Los elementos constitutivos de la responsabilidad patrimonial de la Administración son recogidos por los artículos 32 y siguientes LRJSP y desarrollados por abundante jurisprudencia, pudiendo sintetizarse en los siguientes extremos:
- La efectiva realidad del daño o perjuicio, evaluable económicamente e individualizado en relación a una persona o grupo de personas.
- Que el daño o lesión sufrida sea consecuencia del funcionamiento normal o anormal de los servicios públicos en una adecuada relación de causa a efecto, sin intervención de elementos extraños que pudieran influir alterando el nexo causal.
- Que los daños no se deriven de hechos o circunstancias que no se hubiesen podido prever o evitar según el estado de los conocimientos de la ciencia o la técnica existentes en el momento de producción de aquéllos.
- Ausencia de fuerza mayor.
- Que el reclamante no tenga el deber jurídico de soportar el daño.
II. Además de estos principios comunes, dada la especialidad de la actuación administrativa en el campo de la sanidad, ha de tenerse en cuenta que la atención médica que el ciudadano ha de esperar de los servicios públicos no es una prestación de resultado, sino de medios, es decir, que el servicio sanitario ha de aplicar todos los razonablemente posibles para la curación del paciente, correspondiéndole, por tanto, cualquiera que sea el resultado del tratamiento, una obligación de recursos a emplear por el médico.

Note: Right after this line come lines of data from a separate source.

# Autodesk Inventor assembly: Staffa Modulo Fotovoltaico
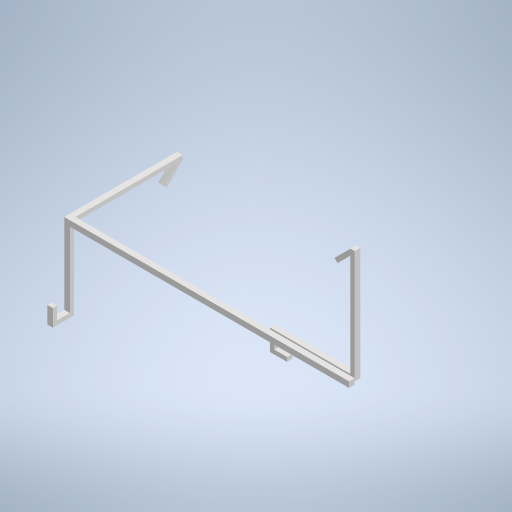
[picture p0: Inventor's stored thumbnail of the model, 512x512]
Saved by Autodesk Inventor 2024 (Build 280153000, 153)
## iProperties
Created: 2023-12-30
Part Number: Staffa Modulo Fotovoltaico
Document SubType Name: Weldment
Designer: Leonardo
Weld Material: Welded Aluminum-6061
Author: Leonardo
## Documents named in this file (4)
- C:\Users\Leonardo\Documents\Monopattino\Staffa Modulo Fotovoltaico.iam
- C:\Users\Leonardo\Documents\Monopattino\Staffa.ipt
- C:\Users\Leonardo\Documents\Monopattino\Lama.ipt
- C:\Users\Leonardo\Documents\Monopattino\Staffa_CPY.ipt
## Components (3 placed, 3 different names)
1. Staffa:1 — Rigido:1, Rigido:2
2. Lama:1 — Rigido:1, Rigido:2, Rigido:3
3. Staffa_CPY:1 — Rigido:3
## Relationships (3: WeldJoint 3)
- Rigido:1 [WeldJoint]: Staffa:1 ↔ Lama:1
- Rigido:2 [WeldJoint]: Staffa:1 ↔ Lama:1
- Rigido:3 [WeldJoint]: Lama:1 ↔ Staffa_CPY:1

En este sentido, sólo en el caso de que se produzca una infracción del deber de aplicación de medios, considerando a tal efecto el estándar de los disponibles aplicado a las circunstancias del caso concreto, responderá la Administración de los daños causados, pues, en caso contrario, dichos perjuicios no habrán de imputarse, en términos jurídicos, a la atención sanitaria pública y, por tanto, no tendrían la consideración de antijurídicos, por lo que deberían ser soportados por el paciente. Prescindir de tal criterio conllevaría una excesiva objetivación de la responsabilidad administrativa, que en tal caso podría declararse en todos los supuestos en los que, con ocasión de cualquier intervención de los servicios sanitarios públicos, no se pudieran evitar los daños a la salud de las personas que se producen por la misma naturaleza de la condición humana; tal resultado, obviamente, no respondería a la configuración constitucional y legal del instituto de la responsabilidad patrimonial de que se trata.
De ahí que, como recuerda el Consejo de Estado en Dictamen 52/2020, sea doctrina jurisprudencial reiterada (por todas, Sentencia de la Sección Quinta de la Sala de lo Contencioso-Administrativo del Tribunal Supremo, de 15 de marzo de 2018, rec. n.º 1016/2016) que, “frente al principio de responsabilidad objetiva interpretado radicalmente y que convertiría a la Administración sanitaria en aseguradora del resultado positivo y, en definitiva, obligada a curar todas las dolencias, la responsabilidad de la Administración sanitaria constituya la lógica consecuencia que caracteriza al servicio público sanitario como prestador de medios, pero, en ningún caso, garantizador de resultados, en el sentido de que es exigible a la Administración sanitaria la aportación de todos los medios que la ciencia en el momento actual pone razonablemente a disposición de la medicina para la prestación de un servicio adecuado a los estándares habituales; conforme con este entendimiento de l régimen legal de la responsabilidad patrimonial, en modo alguno puede deducirse la existencia de responsabilidad por toda actuación médica que tenga relación causal con una lesión y no concurra ningún supuesto de fuerza mayor, sino que ésta deriva de la, en su caso, inadecuada prestación de los medios razonablemente exigibles”.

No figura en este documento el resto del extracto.